WHAT IS BEING ASKED
Copy the lines verbatim, beginning with the line that contains "Line((1.25, 1.25), (-1.25, 1.25))" and continuing through the end of the data, and only those lines.

Data records
----
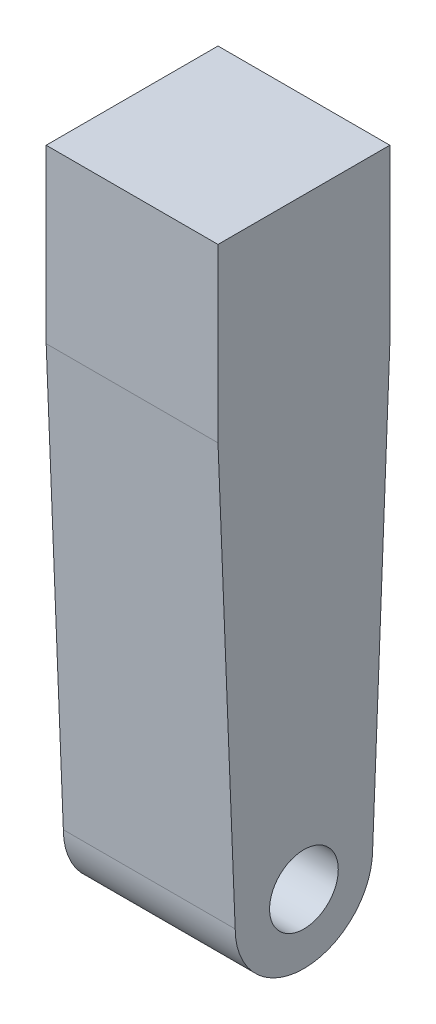
from build123d import *

# Parameters (mm, degrees)
CROQUIS1_R              = 0.5
SALIENTE_EXTRUIR1_DEPTH = 2.5


with BuildPart() as part:
    # Croquis1 → Saliente-Extruir1 (new body)
    with BuildSketch(Plane(origin=(0, 0, 0), x_dir=(0, 0, -1), z_dir=(1, 0, 0))):
        with BuildLine():
            Line((1.25, 1.25), (-1.25, 1.25))
            Line((-1.25, 1.25), (-1.25, -1.25))
            Line((-1.25, -1.25), (-1, -7.5))
            ThreePointArc((-1, -7.5), (0, -8.5), (1, -7.5))
            Line((1, -7.5), (1.25, -1.25))
            Line((1.25, -1.25), (1.25, 1.25))
        make_face()
        with Locations((0, -7.5)):
            Circle(CROQUIS1_R, mode=Mode.SUBTRACT)
    extrude(amount=SALIENTE_EXTRUIR1_DEPTH)


solid = part.part
----
SOLUTION FOR THIS PROBLEM
            Line((1.25, 1.25), (-1.25, 1.25))
            Line((-1.25, 1.25), (-1.25, -1.25))
            Line((-1.25, -1.25), (-1, -7.5))
            ThreePointArc((-1, -7.5), (0, -8.5), (1, -7.5))
            Line((1, -7.5), (1.25, -1.25))
            Line((1.25, -1.25), (1.25, 1.25))
        make_face()
        with Locations((0, -7.5)):
            Circle(CROQUIS1_R, mode=Mode.SUBTRACT)
    extrude(amount=SALIENTE_EXTRUIR1_DEPTH)


solid = part.part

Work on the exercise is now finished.